▶ EXERCISE REQUIREMENTS
Below is a listing; restate from it, character for character, the lines beginning at the line holding "doc.units = ezdxf.units.MM" and ending at the line holding "doc.layers.add(name, color=color, linetype=linetype)", both included.

-.-.-

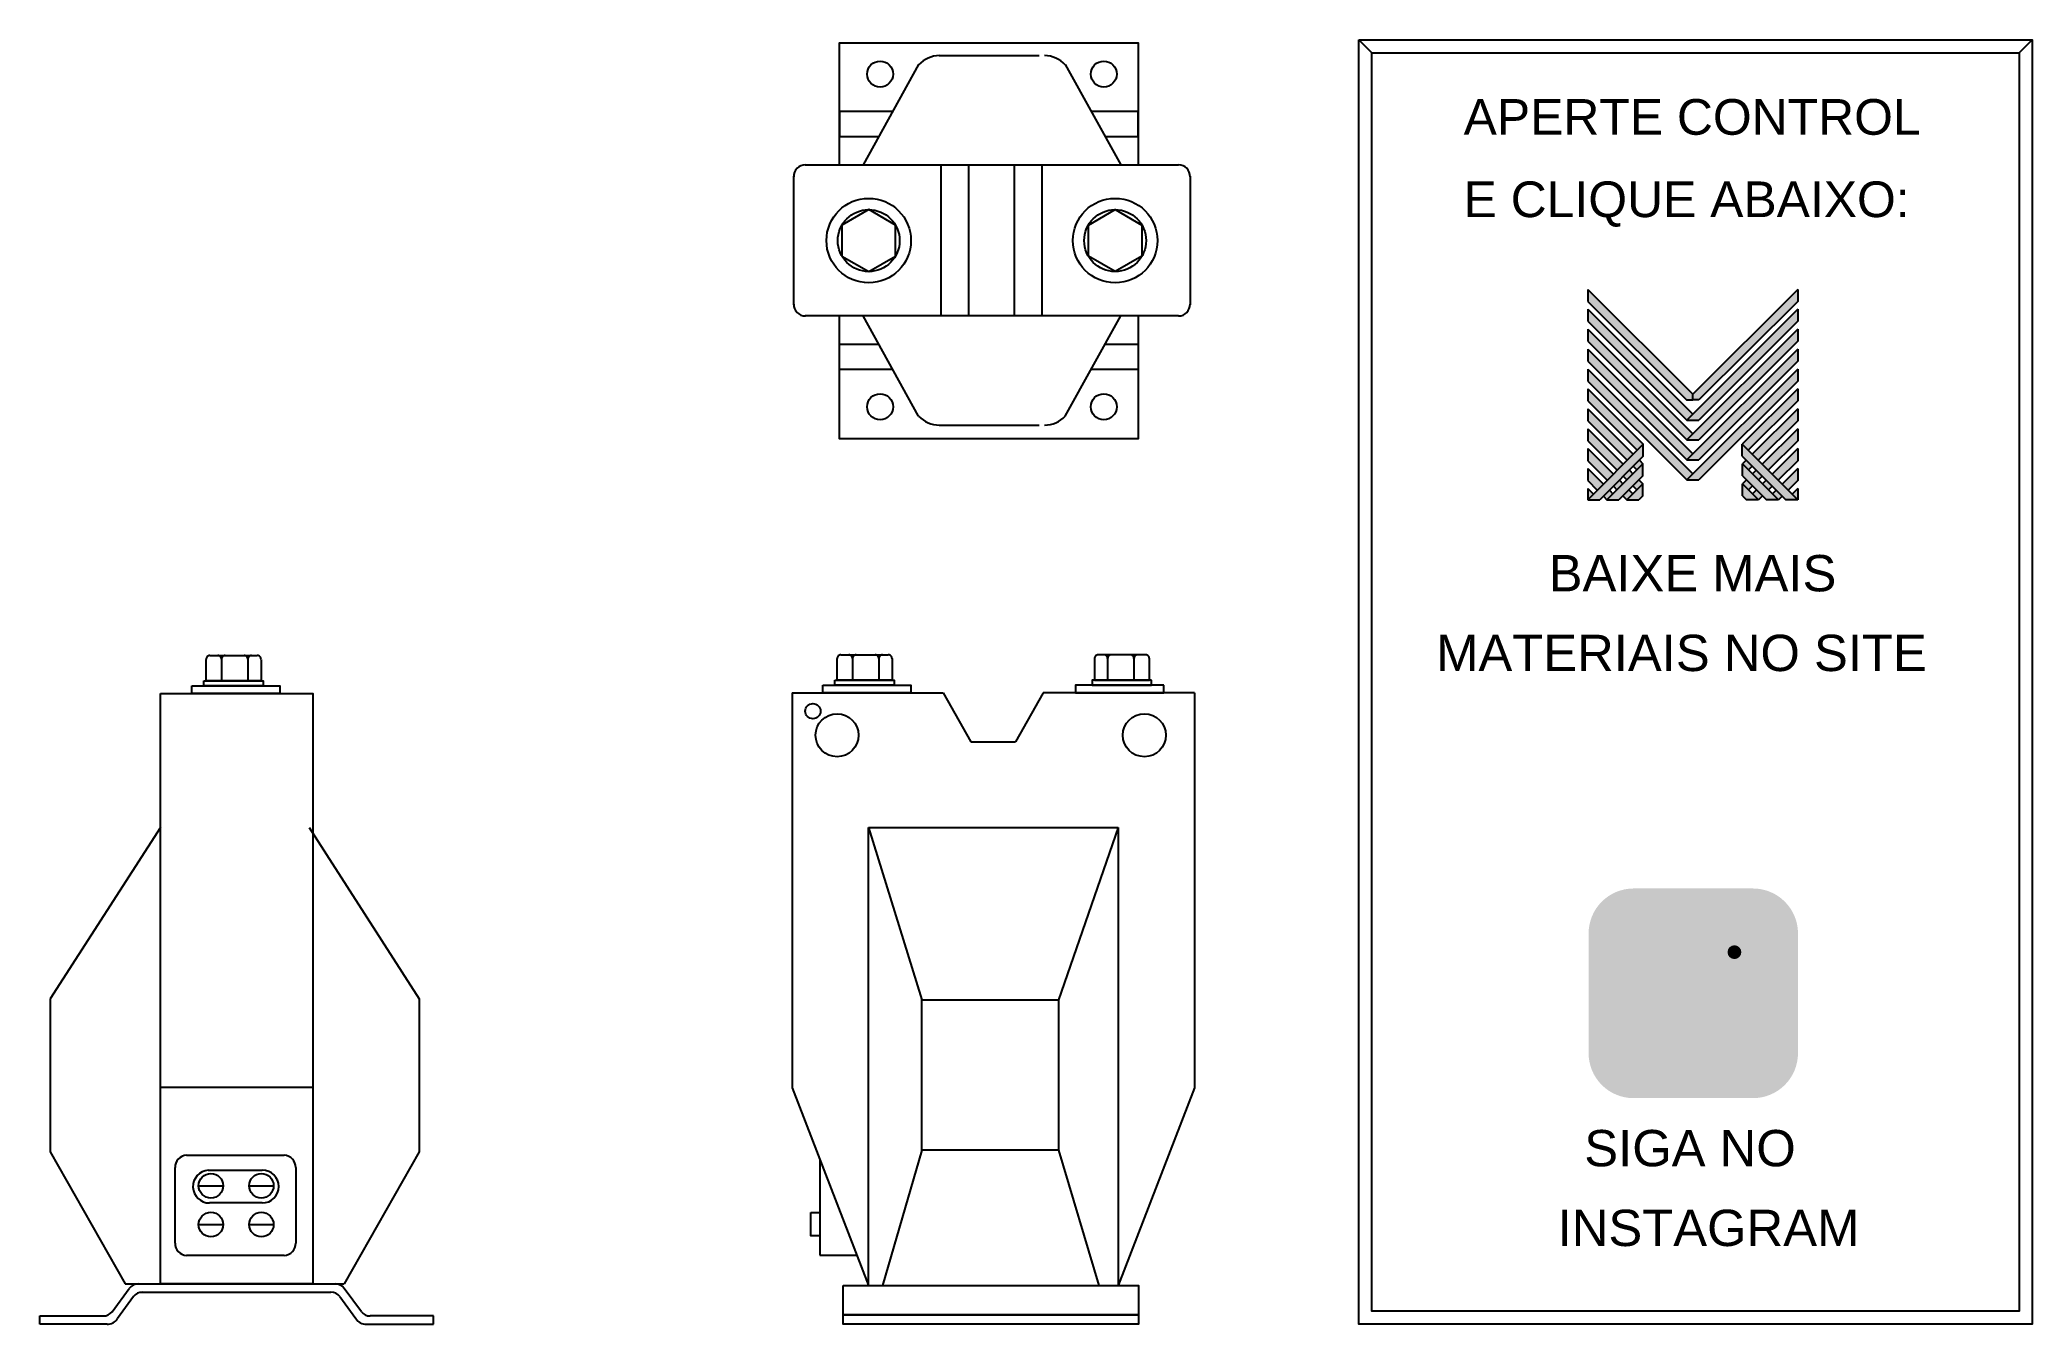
# Model space of a CAD drawing. Header units: millimetres. Extents: x 228 to 1033, y 162 to 681.
import ezdxf

# ---------------------------------------------------------------- set-up
doc = ezdxf.new("R2010")
doc.units = ezdxf.units.MM
for name, color, linetype in [('BUCHA DE PASSAGEM', 20, 'Continuous'), ('logo01', 10, 'Continuous'), ('logo02', 250, 'Continuous'), ('TRANSFORMADOR DE CORRENTE', 20, 'Continuous')]:
    doc.layers.add(name, color=color, linetype=linetype)
doc.styles.get("Standard").update_dxf_attribs({"font": 'arial.ttf'})

# ---------------------------------------------------------------- blocks, each defined once
blk = doc.blocks.new('MESH')
at = {"layer": 'logo01'}
h = blk.add_hatch(color=256, dxfattribs=at)
h.dxf.hatch_style = 1
h.paths.add_polyline_path([(30046, 14087), (30046, 13835), (32119, 11769), (32248, 11769), (32248, 11893)])
h.paths.add_polyline_path([(30046, 13670), (30046, 13418), (32121, 11349), (32248, 11475)])
h.paths.add_polyline_path([(30046, 13253), (30046, 13001), (32121, 10932), (32248, 11058)])
h.paths.add_polyline_path([(30046, 12835), (30046, 12583), (32121, 10515), (32248, 10641)])
h.paths.add_polyline_path([(30046, 12418), (30046, 12166), (32121, 10097), (32248, 10223)])
h.paths.add_polyline_path([(30046, 12001), (30046, 11749), (31084, 10714), (31211, 10840)])
h.paths.add_polyline_path([(30046, 11583), (30046, 11331), (30875, 10505), (31001, 10631)])
h.paths.add_polyline_path([(30046, 11166), (30046, 10914), (30666, 10296), (30792, 10422)])
h.paths.add_polyline_path([(30046, 10749), (30046, 10497), (30456, 10088), (30583, 10214)])
h.paths.add_polyline_path([(30046, 10331), (30046, 10079), (30247, 9879), (30373, 10005)])
h.paths.add_polyline_path([(30164, 9796), (30046, 9914), (30046, 9679)])
h.paths.add_polyline_path([(30574, 9805), (30500, 9879), (30373, 9753), (30448, 9679)])
h.paths.add_polyline_path([(30784, 10013), (30709, 10088), (30583, 9962), (30657, 9887)])
h.paths.add_polyline_path([(30993, 9805), (30910, 9887), (30784, 9761), (30867, 9679)])
h.paths.add_polyline_path([(30993, 10222), (30918, 10296), (30792, 10170), (30867, 10096)])
h.paths.add_polyline_path([(31119, 10096), (30993, 9970), (31076, 9887), (31202, 10013)])
h.paths.add_polyline_path([(31202, 10431), (31128, 10505), (31001, 10379), (31076, 10305)], flags=17)
h.paths.add_polyline_path([(33284, 10840), (33284, 10588), (34196, 9679), (34449, 9679)])
h.paths.add_polyline_path([(33293, 10431), (33293, 10179), (33794, 9679), (34047, 9679)])
h.paths.add_polyline_path([(33293, 10013), (33293, 9761), (33376, 9679), (33628, 9679)], flags=17)
at = {"layer": 'logo02'}
h = blk.add_hatch(color=256, dxfattribs=at)
h.dxf.hatch_style = 1
h.paths.add_polyline_path([(34449, 13835), (34449, 14087), (32248, 11893), (32248, 11769), (32376, 11769)])
h.paths.add_polyline_path([(34449, 13418), (34449, 13670), (32121, 11349), (32374, 11349)])
h.paths.add_polyline_path([(34449, 13001), (34449, 13253), (32121, 10932), (32374, 10932)])
h.paths.add_polyline_path([(34449, 12583), (34449, 12835), (32121, 10515), (32374, 10515)])
h.paths.add_polyline_path([(34449, 12166), (34449, 12418), (32121, 10097), (32374, 10097)])
h.paths.add_polyline_path([(34449, 11749), (34449, 12001), (33284, 10840), (33411, 10714)], flags=17)
h.paths.add_polyline_path([(34449, 11331), (34449, 11583), (33494, 10631), (33620, 10505)], flags=17)
h.paths.add_polyline_path([(34449, 10914), (34449, 11166), (33703, 10422), (33829, 10296)], flags=17)
h.paths.add_polyline_path([(34449, 10497), (34449, 10749), (33912, 10214), (34039, 10088)])
h.paths.add_polyline_path([(34449, 10331), (34122, 10005), (34248, 9879), (34449, 10079)])
h.paths.add_polyline_path([(33577, 10296), (33502, 10222), (33628, 10096), (33703, 10170)])
h.paths.add_polyline_path([(33367, 10505), (33293, 10431), (33419, 10305), (33494, 10379)], flags=17)
h.paths.add_polyline_path([(33376, 10096), (33293, 10013), (33419, 9887), (33502, 9970)])
h.paths.add_polyline_path([(33786, 10088), (33711, 10013), (33838, 9887), (33912, 9962)])
h.paths.add_polyline_path([(33585, 9887), (33502, 9805), (33628, 9679), (33711, 9761)])
h.paths.add_polyline_path([(33995, 9879), (33921, 9805), (34047, 9679), (34122, 9753)])
h.paths.add_polyline_path([(34449, 9914), (34331, 9796), (34449, 9679)])
h.paths.add_polyline_path([(31202, 10013), (30867, 9679), (31119, 9679), (31202, 9761)], flags=17)
h.paths.add_polyline_path([(31202, 10179), (31202, 10431), (30448, 9679), (30701, 9679)])
h.paths.add_polyline_path([(31211, 10588), (31211, 10840), (30046, 9679), (30299, 9679)])
at = {"layer": 'logo01'}
for p, q in [((30046, 14087), (30046, 13835)), ((30046, 14087), (32248, 11893)), ((30046, 13835), (32119, 11769)), ((30046, 13670), (30046, 13418)), ((30046, 13670), (32248, 11475)), ((30046, 13418), (32121, 11349)), ((30046, 13253), (30046, 13001)), ((30046, 13253), (32248, 11058)), ((30046, 13001), (32121, 10932)), ((30046, 12835), (30046, 12583)), ((30046, 12835), (32248, 10641)), ((30046, 12583), (32121, 10515)), ((30046, 12418), (30046, 12166)), ((30046, 12418), (32248, 10223)), ((30046, 12166), (32121, 10097)), ((30046, 12001), (30046, 11749)), ((30046, 12001), (31211, 10840)), ((30046, 11749), (31084, 10714)), ((32119, 11769), (32248, 11769)), ((30046, 11583), (30046, 11331)), ((30046, 11583), (31001, 10631)), ((30046, 11331), (30875, 10505)), ((30046, 11166), (30046, 10914)), ((30046, 11166), (30792, 10422)), ((30046, 10914), (30666, 10296)), ((30046, 10749), (30046, 10497)), ((30046, 10749), (30583, 10214)), ((30046, 10497), (30456, 10088)), ((31128, 10505), (31202, 10431)), ((33284, 10840), (34449, 9679)), ((33284, 10588), (33284, 10840)), ((33284, 10588), (34196, 9679)), ((30046, 10331), (30046, 10079)), ((30046, 10331), (30373, 10005)), ((30046, 10079), (30247, 9879)), ((30709, 10088), (30784, 10013)), ((30792, 10170), (30867, 10096)), ((30918, 10296), (30993, 10222)), ((31001, 10379), (31076, 10305)), ((31119, 10096), (31202, 10013)), ((33293, 10431), (34047, 9679)), ((33293, 10179), (33293, 10431)), ((33293, 10179), (33794, 9679)), ((30046, 9914), (30046, 9679)), ((30046, 9914), (30164, 9796)), ((30373, 9753), (30448, 9679)), ((30500, 9879), (30574, 9805)), ((30583, 9962), (30657, 9887)), ((30784, 9761), (30867, 9679)), ((30910, 9887), (30993, 9805)), ((30993, 9970), (31076, 9887)), ((33293, 10013), (33628, 9679)), ((33293, 9761), (33293, 10013)), ((33293, 9761), (33376, 9679)), ((33628, 9679), (33376, 9679)), ((34047, 9679), (33794, 9679)), ((34449, 9679), (34196, 9679))]:
    blk.add_line(p, q, dxfattribs=at)
at = {"layer": 'logo02'}
for p, q in [((34449, 14087), (32248, 11893)), ((34449, 13835), (32376, 11769)), ((34449, 14087), (34449, 13835)), ((34449, 13670), (32121, 11349)), ((34449, 13418), (32374, 11349)), ((34449, 13670), (34449, 13418)), ((34449, 13253), (32121, 10932)), ((34449, 13001), (32374, 10932)), ((34449, 13253), (34449, 13001)), ((34449, 12835), (32121, 10515)), ((34449, 12583), (32374, 10515)), ((34449, 12835), (34449, 12583)), ((34449, 12418), (32121, 10097)), ((34449, 12166), (32374, 10097)), ((34449, 12418), (34449, 12166)), ((32248, 11769), (32248, 11893)), ((32376, 11769), (32248, 11769)), ((34449, 12001), (33284, 10840)), ((34449, 11749), (33411, 10714)), ((34449, 12001), (34449, 11749)), ((32121, 11349), (32374, 11349)), ((34449, 11583), (33494, 10631)), ((34449, 11331), (33620, 10505)), ((34449, 11583), (34449, 11331)), ((32121, 10932), (32374, 10932)), ((34449, 11166), (33703, 10422)), ((34449, 10914), (33829, 10296)), ((34449, 11166), (34449, 10914)), ((31211, 10840), (30046, 9679)), ((31211, 10588), (30299, 9679)), ((31211, 10588), (31211, 10840)), ((32121, 10515), (32374, 10515)), ((33367, 10505), (33293, 10431)), ((34449, 10749), (33912, 10214)), ((34449, 10497), (34039, 10088)), ((34449, 10749), (34449, 10497)), ((31202, 10431), (30448, 9679)), ((31202, 10179), (30701, 9679)), ((31202, 10179), (31202, 10431)), ((32121, 10097), (32374, 10097)), ((33376, 10096), (33293, 10013)), ((33494, 10379), (33419, 10305)), ((33577, 10296), (33502, 10222)), ((33703, 10170), (33628, 10096)), ((33786, 10088), (33711, 10013)), ((34449, 10331), (34122, 10005)), ((34449, 10079), (34248, 9879)), ((34449, 10331), (34449, 10079)), ((30046, 9679), (30299, 9679)), ((30448, 9679), (30701, 9679)), ((31202, 10013), (30867, 9679)), ((30867, 9679), (31119, 9679)), ((31202, 9761), (31119, 9679)), ((31202, 9761), (31202, 10013)), ((33502, 9970), (33419, 9887)), ((33585, 9887), (33502, 9805)), ((33711, 9761), (33628, 9679)), ((33912, 9962), (33838, 9887)), ((33995, 9879), (33921, 9805)), ((34122, 9753), (34047, 9679)), ((34449, 9914), (34331, 9796)), ((34449, 9914), (34449, 9679))]:
    blk.add_line(p, q, dxfattribs=at)

msp = doc.modelspace()

# ---------------------------------------------------------------- hatches: boundary and pattern name
at = {"layer": 'BUCHA DE PASSAGEM', "true_color": 0x000000}
h = msp.add_hatch(color=18, dxfattribs=at)
h.dxf.hatch_style = 1
h.paths.add_polyline_path([(919.91, 338.11), (871.65, 338.11, 0.414214), (853.48, 319.94), (853.48, 271.57, 0.414214), (871.65, 253.4), (919.91, 253.4, 0.414214), (938.08, 271.57), (938.08, 319.94, 0.414214)])
h.paths.add_polyline_path([(884.04, 326.34), (907.52, 326.34, -0.414214), (926.31, 307.54), (926.31, 283.97, -0.414214), (907.52, 265.17), (884.04, 265.17, -0.414214), (865.25, 283.97), (865.25, 307.54, -0.414214)], flags=16)
h.paths.add_polyline_path([(884.04, 320.75), (907.52, 320.75, -0.414214), (920.73, 307.54), (920.73, 283.97, -0.414214), (907.52, 270.75), (884.04, 270.75, -0.414214), (870.83, 283.97), (870.83, 307.54, -0.414214)], flags=0)
h.paths.add_polyline_path([(910.16, 295.75, -1), (881.4, 295.75, -1)], flags=0)
h.paths.add_polyline_path([(904.58, 295.75, -1), (886.98, 295.75, -1)], flags=0)
h.paths.add_polyline_path([(915.18, 312.38, -1), (909.6, 312.38, -1)], flags=0)
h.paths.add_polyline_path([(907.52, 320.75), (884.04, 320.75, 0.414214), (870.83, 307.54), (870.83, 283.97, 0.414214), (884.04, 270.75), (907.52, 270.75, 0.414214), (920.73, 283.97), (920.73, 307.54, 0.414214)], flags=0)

-.-.-

▶ YOUR RESPONSE
doc.units = ezdxf.units.MM
for name, color, linetype in [('BUCHA DE PASSAGEM', 20, 'Continuous'), ('logo01', 10, 'Continuous'), ('logo02', 250, 'Continuous'), ('TRANSFORMADOR DE CORRENTE', 20, 'Continuous')]:
    doc.layers.add(name, color=color, linetype=linetype)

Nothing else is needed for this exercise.